---------- Data in this exercise

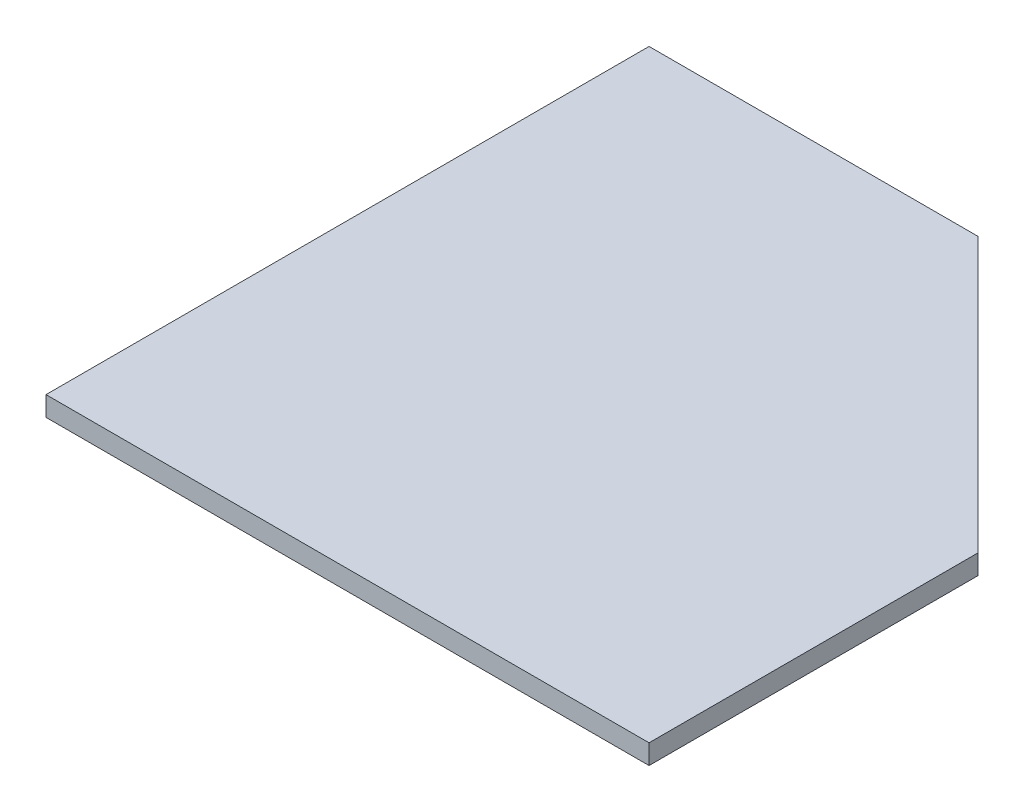
from build123d import *

# Parameters (mm, degrees)
EXTRUDE_1_DEPTH = 18


with BuildPart() as part:
    # Эскиз1 → Бобышка-Вытянуть1 (new body)
    with BuildSketch(Plane(origin=(0, 0, 0), x_dir=(1, 0, 0), z_dir=(0, 1, 0))):
        Polygon((0, 0), (0, 550), (300, 550), (550, 300), (550, 0), align=None)
    extrude(amount=EXTRUDE_1_DEPTH)


solid = part.part
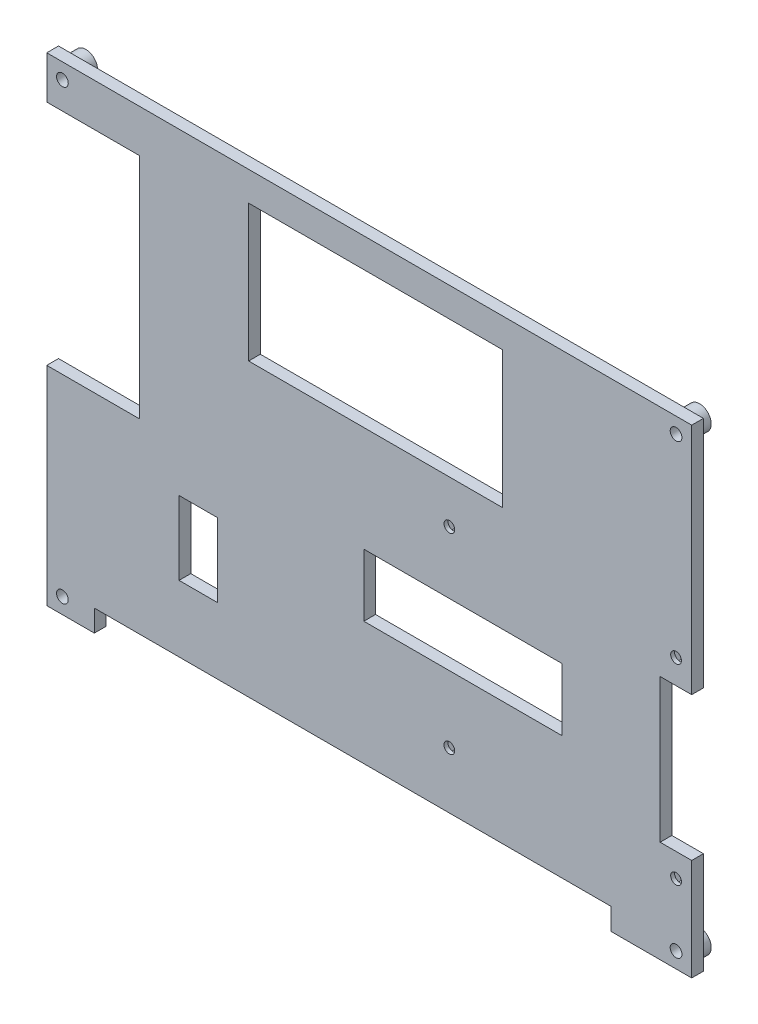
from build123d import *

# Parameters (mm, degrees)
CROQUIS9_W              = 165
CROQUIS9_H              = 122.5
CROQUIS9_R              = 1.5
SALIENTE_EXTRUIR7_DEPTH = 3
CROQUIS10_R             = 3
CROQUIS10_R_2           = 1.5
SALIENTE_EXTRUIR4_DEPTH = 3
CROQUIS13_R             = 1.375
CORTAR_EXTRUIR6_DEPTH   = 7
CORTAR_EXTRUIR9_DEPTH   = 2
CROQUIS19_W             = 23.751706854
CROQUIS19_H             = 58.322995046
CORTAR_EXTRUIR11_DEPTH  = 7
CROQUIS20_W             = 8.074798139
CROQUIS20_H             = 36.716786424
CORTAR_EXTRUIR12_DEPTH  = 7
CROQUIS21_W             = 132.215541909
CROQUIS21_H             = 5.552865293
CORTAR_EXTRUIR13_DEPTH  = 7
CROQUIS22_W             = 64.97984938
CROQUIS22_H             = 34.980531845
CORTAR_EXTRUIR14_DEPTH  = 10
CROQUIS23_W             = 9.785151637
CROQUIS23_H             = 18.811760375
CORTAR_EXTRUIR15_DEPTH  = 7
CROQUIS24_W             = 50.724588702
CROQUIS24_H             = 15.98003992
CORTAR_EXTRUIR16_DEPTH  = 10


with BuildPart() as part:
    # Croquis9 → Saliente-Extruir7 (new body)
    with BuildSketch(Plane(origin=(0, -39.711212197, 0), x_dir=(-1, 0, 0), z_dir=(0, 0, 1))):
        with Locations((0, -39.711212197)):
            Rectangle(CROQUIS9_W, CROQUIS9_H)
        with Locations((-78.5, 17.538787803)):
            Circle(CROQUIS9_R, mode=Mode.SUBTRACT)
        with Locations((78.5, 17.538787803)):
            Circle(CROQUIS9_R, mode=Mode.SUBTRACT)
        with Locations((-78.5, -96.961212197)):
            Circle(CROQUIS9_R, mode=Mode.SUBTRACT)
        with Locations((78.5, -96.961212197)):
            Circle(CROQUIS9_R, mode=Mode.SUBTRACT)
    extrude(amount=SALIENTE_EXTRUIR7_DEPTH)

    # Croquis10 → Saliente-Extruir4 (add)
    with BuildSketch(Plane(origin=(0, -39.711212197, 0), x_dir=(1, 0, 0), z_dir=(0, 0, -1))):
        with Locations((-78.5, 18.288787803)):
            Circle(CROQUIS10_R)
        with Locations((-78.5, 18.288787803)):
            Circle(CROQUIS10_R_2, mode=Mode.SUBTRACT)
        with Locations((78.5, 18.288787803)):
            Circle(CROQUIS10_R)
        with Locations((78.5, 18.288787803)):
            Circle(CROQUIS10_R_2, mode=Mode.SUBTRACT)
        with Locations((78.5, -97.711212197)):
            Circle(CROQUIS10_R)
        with Locations((78.5, -97.711212197)):
            Circle(CROQUIS10_R_2, mode=Mode.SUBTRACT)
        with Locations((-78.5, -97.711212197)):
            Circle(CROQUIS10_R)
        with Locations((-78.5, -97.711212197)):
            Circle(CROQUIS10_R_2, mode=Mode.SUBTRACT)
    extrude(amount=SALIENTE_EXTRUIR4_DEPTH)

    # Croquis13 → Cortar-Extruir6 (cut, through all)
    with BuildSketch(Plane(origin=(0, -58.652466741, 3), x_dir=(1, 0, 0), z_dir=(0, 0, -1))):
        with Locations((20.5, -17.402466741)):
            Circle(CROQUIS13_R)
        with Locations((78.5, -17.402466741)):
            Circle(CROQUIS13_R)
        with Locations((20.5, -66.402466741)):
            Circle(CROQUIS13_R)
        with Locations((78.5, -66.402466741)):
            Circle(CROQUIS13_R)
    extrude(amount=CORTAR_EXTRUIR6_DEPTH, mode=Mode.SUBTRACT)

    # Croquis17 → Cortar-Extruir9 (cut)
    with BuildSketch(Plane(origin=(0, -39.711212197, 0), x_dir=(1, 0, 0), z_dir=(0, 0, -1))):
        Polygon((23.340563324, 1.538787803), (21.920281662, 3.998787803), (19.079718338, 3.998787803), (17.659436676, 1.538787803), (19.079718338, -0.921212197), (21.920281662, -0.921212197), align=None)
        Polygon((81.340563324, 1.538787803), (79.920281662, 3.998787803), (77.079718338, 3.998787803), (75.659436676, 1.538787803), (77.079718338, -0.921212197), (79.920281662, -0.921212197), align=None)
        Polygon((81.340563324, -47.461212197), (79.920281662, -45.001212197), (77.079718338, -45.001212197), (75.659436676, -47.461212197), (77.079718338, -49.921212197), (79.920281662, -49.921212197), align=None)
        Polygon((23.340563324, -47.461212197), (21.920281662, -45.001212197), (19.079718338, -45.001212197), (17.659436676, -47.461212197), (19.079718338, -49.921212197), (21.920281662, -49.921212197), align=None)
    extrude(amount=-CORTAR_EXTRUIR9_DEPTH, mode=Mode.SUBTRACT)

    # Croquis19 → Cortar-Extruir11 (cut, through all)
    with BuildSketch(Plane.XY.offset(3)):
        with Locations((-70.624146573, 21.159042343)):
            Rectangle(CROQUIS19_W, CROQUIS19_H)
    extrude(amount=-CORTAR_EXTRUIR11_DEPTH, mode=Mode.SUBTRACT)

    # Croquis20 → Cortar-Extruir12 (cut, through all)
    with BuildSketch(Plane.XY.offset(3)):
        with Locations((78.462600931, -16.844106748)):
            Rectangle(CROQUIS20_W, CROQUIS20_H)
    extrude(amount=-CORTAR_EXTRUIR12_DEPTH, mode=Mode.SUBTRACT)

    # Croquis21 → Cortar-Extruir13 (cut, through all)
    with BuildSketch(Plane.XY.offset(3)):
        with Locations((-4.222973471, -58.473567354)):
            Rectangle(CROQUIS21_W, CROQUIS21_H)
    extrude(amount=-CORTAR_EXTRUIR13_DEPTH, mode=Mode.SUBTRACT)

    # Croquis22 → Cortar-Extruir14 (cut)
    with BuildSketch(Plane.XY.offset(3)):
        with Locations((1.632848722, 36.266393101)):
            Rectangle(CROQUIS22_W, CROQUIS22_H)
    extrude(amount=-CORTAR_EXTRUIR14_DEPTH, mode=Mode.SUBTRACT)

    # Croquis23 → Cortar-Extruir15 (cut, through all)
    with BuildSketch(Plane.XY.offset(3)):
        with Locations((-43.761194105, -29.321605041)):
            Rectangle(CROQUIS23_W, CROQUIS23_H)
    extrude(amount=-CORTAR_EXTRUIR15_DEPTH, mode=Mode.SUBTRACT)

    # Croquis24 → Cortar-Extruir16 (cut)
    with BuildSketch(Plane(origin=(0, 0, 0), x_dir=(-1, 0, 0), z_dir=(0, 0, -1))):
        with Locations((-23.977071959, -16.156592187)):
            Rectangle(CROQUIS24_W, CROQUIS24_H)
    extrude(amount=-CORTAR_EXTRUIR16_DEPTH, mode=Mode.SUBTRACT)


solid = part.part
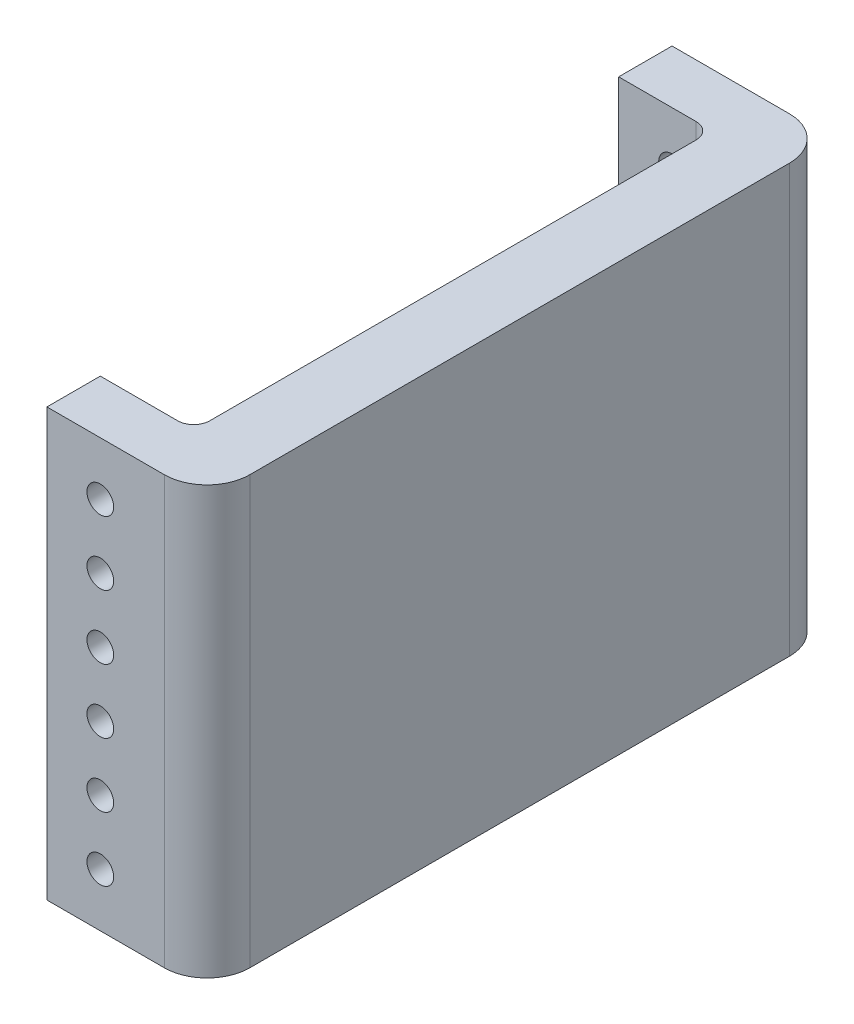
from build123d import *

# Parameters (mm, degrees)
SKETCH1_W           = 297.434
SKETCH1_H           = 203.2
BOSS_EXTRUDE1_DEPTH = 76.2
SKETCH3_W           = 44.45
SKETCH3_H           = 246.634
CUT_EXTRUDE1_DEPTH  = 204.2
SKETCH4_R           = 6.35
CUT_EXTRUDE2_DEPTH  = 298.434
FILLET1_R           = 20.32
FILLET2_R           = 7.62


with BuildPart() as part:
    # Sketch1 → Boss-Extrude1 (new body)
    with BuildSketch(Plane(origin=(0, 0, 0), x_dir=(0, 0, -1), z_dir=(1, 0, 0))):
        with Locations((-688.794526316, 662.857561404)):
            Rectangle(SKETCH1_W, SKETCH1_H)
    extrude(amount=BOSS_EXTRUDE1_DEPTH)

    # Sketch3 → Cut-Extrude1 (cut, through all)
    with BuildSketch(Plane(origin=(0, 764.457561404, 0), x_dir=(1, 0, 0), z_dir=(0, 1, 0))):
        with Locations((22.225, -688.794526316)):
            Rectangle(SKETCH3_W, SKETCH3_H)
    extrude(amount=-CUT_EXTRUDE1_DEPTH, mode=Mode.SUBTRACT)

    # Sketch4 → Cut-Extrude2 (cut, through all)
    with BuildSketch(Plane.XY.offset(837.511526316)):
        with Locations((25.4, 739.057561404)):
            Circle(SKETCH4_R)
        with Locations((25.4, 708.577561404)):
            Circle(SKETCH4_R)
        with Locations((25.4, 678.097561404)):
            Circle(SKETCH4_R)
        with Locations((25.4, 647.617561404)):
            Circle(SKETCH4_R)
        with Locations((25.4, 617.137561404)):
            Circle(SKETCH4_R)
        with Locations((25.4, 586.657561404)):
            Circle(SKETCH4_R)
    extrude(amount=-CUT_EXTRUDE2_DEPTH, mode=Mode.SUBTRACT)

    # Fillet1
    fillet1_edges = [part.edges().sort_by_distance(p)[0] for p in [
        (76.2, 662.857561404, 540.077526316),
        (76.2, 662.857561404, 837.511526316),
    ]]
    fillet(fillet1_edges, radius=FILLET1_R)

    # Fillet2
    fillet2_edges = [part.edges().sort_by_distance(p)[0] for p in [
        (44.45, 662.857561404, 565.477526316),
        (44.45, 662.857561404, 812.111526316),
    ]]
    fillet(fillet2_edges, radius=FILLET2_R)


solid = part.part

--------------------

**Exercise brief**
From the data above, copy each line with the string "None" in it.

**Solution for this exercise**
        Polygon((0, 0), (0, 550), (300, 550), (550, 300), (550, 0), align=None)
        Polygon((23.340563324, 1.538787803), (21.920281662, 3.998787803), (19.079718338, 3.998787803), (17.659436676, 1.538787803), (19.079718338, -0.921212197), (21.920281662, -0.921212197), align=None)
        Polygon((81.340563324, 1.538787803), (79.920281662, 3.998787803), (77.079718338, 3.998787803), (75.659436676, 1.538787803), (77.079718338, -0.921212197), (79.920281662, -0.921212197), align=None)
        Polygon((81.340563324, -47.461212197), (79.920281662, -45.001212197), (77.079718338, -45.001212197), (75.659436676, -47.461212197), (77.079718338, -49.921212197), (79.920281662, -49.921212197), align=None)
        Polygon((23.340563324, -47.461212197), (21.920281662, -45.001212197), (19.079718338, -45.001212197), (17.659436676, -47.461212197), (19.079718338, -49.921212197), (21.920281662, -49.921212197), align=None)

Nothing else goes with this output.